> MATERIAL TO PROCESS

- Opening Delimiter -

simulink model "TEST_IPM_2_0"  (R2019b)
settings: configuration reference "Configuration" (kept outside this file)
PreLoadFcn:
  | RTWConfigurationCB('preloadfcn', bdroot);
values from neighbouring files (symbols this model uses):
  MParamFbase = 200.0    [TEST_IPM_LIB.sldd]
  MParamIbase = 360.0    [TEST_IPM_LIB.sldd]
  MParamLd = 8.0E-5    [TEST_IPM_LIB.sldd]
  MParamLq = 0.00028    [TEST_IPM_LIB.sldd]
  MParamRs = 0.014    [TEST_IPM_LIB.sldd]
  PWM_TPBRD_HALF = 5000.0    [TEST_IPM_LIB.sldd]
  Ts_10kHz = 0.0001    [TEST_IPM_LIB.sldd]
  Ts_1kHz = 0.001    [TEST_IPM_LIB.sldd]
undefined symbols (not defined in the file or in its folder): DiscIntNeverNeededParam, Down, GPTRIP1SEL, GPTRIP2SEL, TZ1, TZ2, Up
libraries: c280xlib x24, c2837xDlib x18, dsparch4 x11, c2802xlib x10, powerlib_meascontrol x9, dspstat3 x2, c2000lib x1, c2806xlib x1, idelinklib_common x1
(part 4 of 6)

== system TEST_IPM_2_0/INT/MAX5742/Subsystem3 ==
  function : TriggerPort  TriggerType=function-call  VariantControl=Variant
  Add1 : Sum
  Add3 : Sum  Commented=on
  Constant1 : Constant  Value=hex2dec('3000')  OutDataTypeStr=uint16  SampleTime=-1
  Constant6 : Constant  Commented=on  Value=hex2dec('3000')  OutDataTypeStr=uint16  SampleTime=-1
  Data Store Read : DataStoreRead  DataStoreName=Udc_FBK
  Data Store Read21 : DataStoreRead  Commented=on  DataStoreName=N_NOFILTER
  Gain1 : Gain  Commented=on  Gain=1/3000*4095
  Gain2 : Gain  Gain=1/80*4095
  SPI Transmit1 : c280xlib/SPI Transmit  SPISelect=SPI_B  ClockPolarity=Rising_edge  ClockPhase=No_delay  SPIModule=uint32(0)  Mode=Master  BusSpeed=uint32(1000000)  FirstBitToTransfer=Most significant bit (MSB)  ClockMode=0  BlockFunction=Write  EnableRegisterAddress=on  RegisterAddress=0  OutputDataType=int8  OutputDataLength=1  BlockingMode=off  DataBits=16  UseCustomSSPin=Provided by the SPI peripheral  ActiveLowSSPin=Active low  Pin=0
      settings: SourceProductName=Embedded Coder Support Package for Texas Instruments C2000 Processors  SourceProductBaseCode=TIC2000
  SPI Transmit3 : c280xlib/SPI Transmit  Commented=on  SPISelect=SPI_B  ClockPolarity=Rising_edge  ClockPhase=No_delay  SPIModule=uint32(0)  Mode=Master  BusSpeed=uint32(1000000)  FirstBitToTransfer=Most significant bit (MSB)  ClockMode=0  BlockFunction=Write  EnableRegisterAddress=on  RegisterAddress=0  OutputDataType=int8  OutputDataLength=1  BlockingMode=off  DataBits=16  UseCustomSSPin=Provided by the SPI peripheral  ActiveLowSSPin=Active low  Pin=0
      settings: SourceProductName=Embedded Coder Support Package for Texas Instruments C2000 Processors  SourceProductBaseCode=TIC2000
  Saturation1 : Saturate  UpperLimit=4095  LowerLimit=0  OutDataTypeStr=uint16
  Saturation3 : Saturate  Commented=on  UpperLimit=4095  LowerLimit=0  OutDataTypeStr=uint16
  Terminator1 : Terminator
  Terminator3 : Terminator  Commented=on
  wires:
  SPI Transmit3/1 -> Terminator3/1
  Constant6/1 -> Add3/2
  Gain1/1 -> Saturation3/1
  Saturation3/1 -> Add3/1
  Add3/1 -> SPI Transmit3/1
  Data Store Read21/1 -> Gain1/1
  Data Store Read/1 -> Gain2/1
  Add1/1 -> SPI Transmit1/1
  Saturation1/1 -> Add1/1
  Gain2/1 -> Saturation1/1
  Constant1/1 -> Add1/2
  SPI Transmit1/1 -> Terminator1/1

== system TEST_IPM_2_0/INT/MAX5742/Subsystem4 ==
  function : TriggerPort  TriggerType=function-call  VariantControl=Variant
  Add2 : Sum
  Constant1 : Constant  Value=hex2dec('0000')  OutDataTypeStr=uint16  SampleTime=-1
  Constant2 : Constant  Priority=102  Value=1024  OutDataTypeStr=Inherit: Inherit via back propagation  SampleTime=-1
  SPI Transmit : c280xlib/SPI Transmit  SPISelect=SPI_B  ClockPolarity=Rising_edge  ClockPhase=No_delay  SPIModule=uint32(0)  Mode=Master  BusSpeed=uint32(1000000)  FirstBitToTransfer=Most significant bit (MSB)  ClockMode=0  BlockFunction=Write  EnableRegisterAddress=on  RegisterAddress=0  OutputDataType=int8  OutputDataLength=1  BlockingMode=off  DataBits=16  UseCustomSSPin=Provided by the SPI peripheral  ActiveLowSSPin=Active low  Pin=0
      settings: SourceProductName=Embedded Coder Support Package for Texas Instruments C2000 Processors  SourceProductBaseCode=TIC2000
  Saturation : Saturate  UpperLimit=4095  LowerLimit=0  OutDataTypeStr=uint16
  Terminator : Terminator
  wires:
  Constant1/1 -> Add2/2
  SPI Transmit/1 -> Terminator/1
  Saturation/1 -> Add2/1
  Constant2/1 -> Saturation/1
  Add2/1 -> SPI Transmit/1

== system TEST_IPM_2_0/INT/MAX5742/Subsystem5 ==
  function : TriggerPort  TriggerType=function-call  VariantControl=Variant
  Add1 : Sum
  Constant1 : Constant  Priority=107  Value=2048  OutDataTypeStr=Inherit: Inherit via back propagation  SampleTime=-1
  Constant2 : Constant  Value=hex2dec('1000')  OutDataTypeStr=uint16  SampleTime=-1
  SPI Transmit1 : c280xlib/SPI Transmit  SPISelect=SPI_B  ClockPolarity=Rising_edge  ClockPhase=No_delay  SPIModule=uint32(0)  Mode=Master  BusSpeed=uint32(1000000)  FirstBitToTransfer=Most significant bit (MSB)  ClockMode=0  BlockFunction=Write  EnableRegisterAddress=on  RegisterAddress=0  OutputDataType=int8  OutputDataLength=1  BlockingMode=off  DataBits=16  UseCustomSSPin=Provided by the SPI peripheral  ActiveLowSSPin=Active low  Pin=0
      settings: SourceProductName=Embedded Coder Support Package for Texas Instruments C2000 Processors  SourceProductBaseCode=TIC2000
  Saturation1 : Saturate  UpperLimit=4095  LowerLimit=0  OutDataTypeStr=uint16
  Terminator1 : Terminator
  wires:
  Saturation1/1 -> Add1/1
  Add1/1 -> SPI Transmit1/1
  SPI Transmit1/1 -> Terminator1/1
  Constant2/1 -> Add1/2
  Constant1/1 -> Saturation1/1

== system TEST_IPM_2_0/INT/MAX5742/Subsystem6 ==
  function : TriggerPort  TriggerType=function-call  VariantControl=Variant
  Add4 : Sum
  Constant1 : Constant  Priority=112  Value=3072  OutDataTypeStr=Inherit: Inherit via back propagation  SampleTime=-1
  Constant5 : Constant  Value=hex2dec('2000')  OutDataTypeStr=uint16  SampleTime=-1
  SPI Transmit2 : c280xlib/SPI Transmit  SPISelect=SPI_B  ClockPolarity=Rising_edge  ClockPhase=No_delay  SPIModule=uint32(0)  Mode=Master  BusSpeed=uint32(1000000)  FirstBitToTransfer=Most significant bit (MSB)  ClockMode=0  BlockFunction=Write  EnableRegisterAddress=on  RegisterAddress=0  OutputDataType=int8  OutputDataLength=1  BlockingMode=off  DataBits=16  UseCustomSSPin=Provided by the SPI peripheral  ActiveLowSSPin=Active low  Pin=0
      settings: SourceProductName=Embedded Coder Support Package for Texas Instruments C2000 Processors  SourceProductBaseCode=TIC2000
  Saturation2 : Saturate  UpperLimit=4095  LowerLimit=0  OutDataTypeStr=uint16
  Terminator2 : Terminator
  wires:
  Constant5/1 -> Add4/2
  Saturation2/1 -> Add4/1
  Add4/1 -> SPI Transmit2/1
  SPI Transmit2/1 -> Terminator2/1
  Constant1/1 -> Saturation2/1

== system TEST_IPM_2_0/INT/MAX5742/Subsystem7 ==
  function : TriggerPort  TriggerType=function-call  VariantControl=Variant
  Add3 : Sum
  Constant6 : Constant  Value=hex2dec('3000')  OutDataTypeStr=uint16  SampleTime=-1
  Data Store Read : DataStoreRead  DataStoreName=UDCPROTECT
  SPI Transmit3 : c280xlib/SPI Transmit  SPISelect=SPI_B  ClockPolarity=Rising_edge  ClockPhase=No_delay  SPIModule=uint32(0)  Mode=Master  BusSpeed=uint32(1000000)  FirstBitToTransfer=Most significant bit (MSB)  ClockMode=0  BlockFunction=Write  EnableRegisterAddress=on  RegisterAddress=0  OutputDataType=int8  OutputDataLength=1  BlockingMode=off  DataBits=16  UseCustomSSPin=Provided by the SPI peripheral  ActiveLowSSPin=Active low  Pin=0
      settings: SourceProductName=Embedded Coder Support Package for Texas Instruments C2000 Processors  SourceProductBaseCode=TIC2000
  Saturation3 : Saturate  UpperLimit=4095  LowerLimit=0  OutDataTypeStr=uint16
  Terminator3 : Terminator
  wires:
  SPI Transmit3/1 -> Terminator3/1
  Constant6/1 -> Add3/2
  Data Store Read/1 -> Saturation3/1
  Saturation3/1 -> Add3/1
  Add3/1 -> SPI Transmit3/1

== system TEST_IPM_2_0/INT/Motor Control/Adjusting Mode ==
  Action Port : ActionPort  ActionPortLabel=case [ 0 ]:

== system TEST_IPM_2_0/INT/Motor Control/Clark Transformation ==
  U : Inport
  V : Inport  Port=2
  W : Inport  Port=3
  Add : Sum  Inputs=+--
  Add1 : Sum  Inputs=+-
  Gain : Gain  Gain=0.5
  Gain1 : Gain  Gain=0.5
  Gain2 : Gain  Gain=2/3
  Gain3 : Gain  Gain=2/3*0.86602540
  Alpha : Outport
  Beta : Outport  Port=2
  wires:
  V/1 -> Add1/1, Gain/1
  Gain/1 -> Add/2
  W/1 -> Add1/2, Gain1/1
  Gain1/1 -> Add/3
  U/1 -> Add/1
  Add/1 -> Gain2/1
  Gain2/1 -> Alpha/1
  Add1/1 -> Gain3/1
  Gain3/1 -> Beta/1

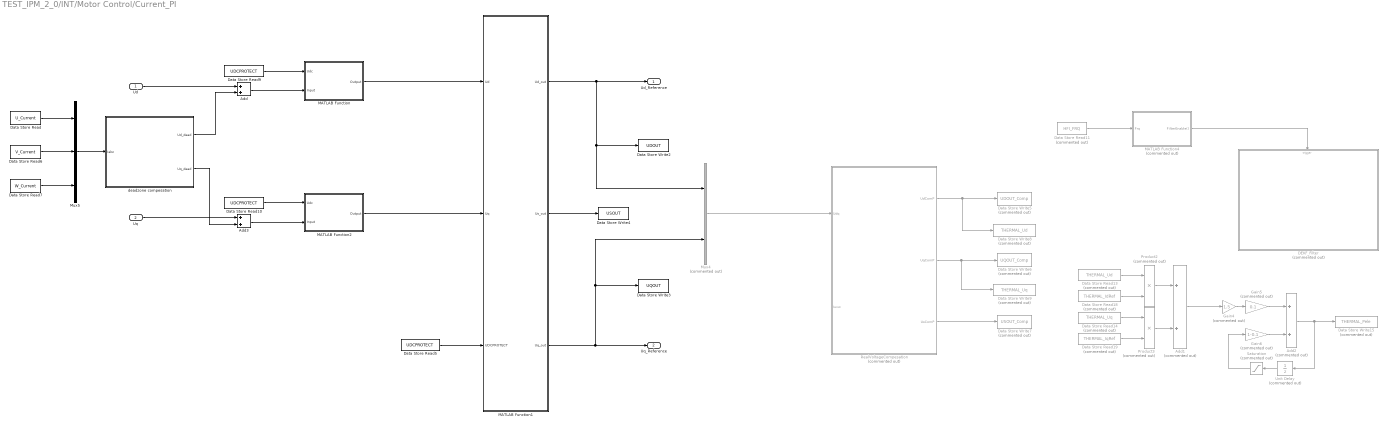
== system TEST_IPM_2_0/INT/Motor Control/Current_PI ==
  Ud : Inport
  Uq : Inport  Port=2
  Add : Sum
  Add1 : Sum  Commented=on
  Add2 : Sum  Commented=on
  Add3 : Sum
  DEKF_Filter : Subsystem  Commented=on  TreatAsAtomicUnit=on
  Data Store Read : DataStoreRead  DataStoreName=U_Current
  Data Store Read10 : DataStoreRead  DataStoreName=UDCPROTECT
  Data Store Read11 : DataStoreRead  Commented=on  DataStoreName=HFI_FRQ
  Data Store Read13 : DataStoreRead  Commented=on  DataStoreName=THERMAL_Ud
  Data Store Read14 : DataStoreRead  Commented=on  DataStoreName=THERMAL_Uq
  Data Store Read18 : DataStoreRead  Commented=on  DataStoreName=THERMAL_IdRef
  Data Store Read19 : DataStoreRead  Commented=on  DataStoreName=THERMAL_IqRef
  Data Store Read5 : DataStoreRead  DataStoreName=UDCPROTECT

- Closing Delimiter -

> YOUR OBJECTIVE
Find each line in the records above that contains "Motor", and copy it.

> ANSWER FOR THE TASK
== system TEST_IPM_2_0/INT/Motor Control/Adjusting Mode ==
== system TEST_IPM_2_0/INT/Motor Control/Clark Transformation ==
== system TEST_IPM_2_0/INT/Motor Control/Current_PI ==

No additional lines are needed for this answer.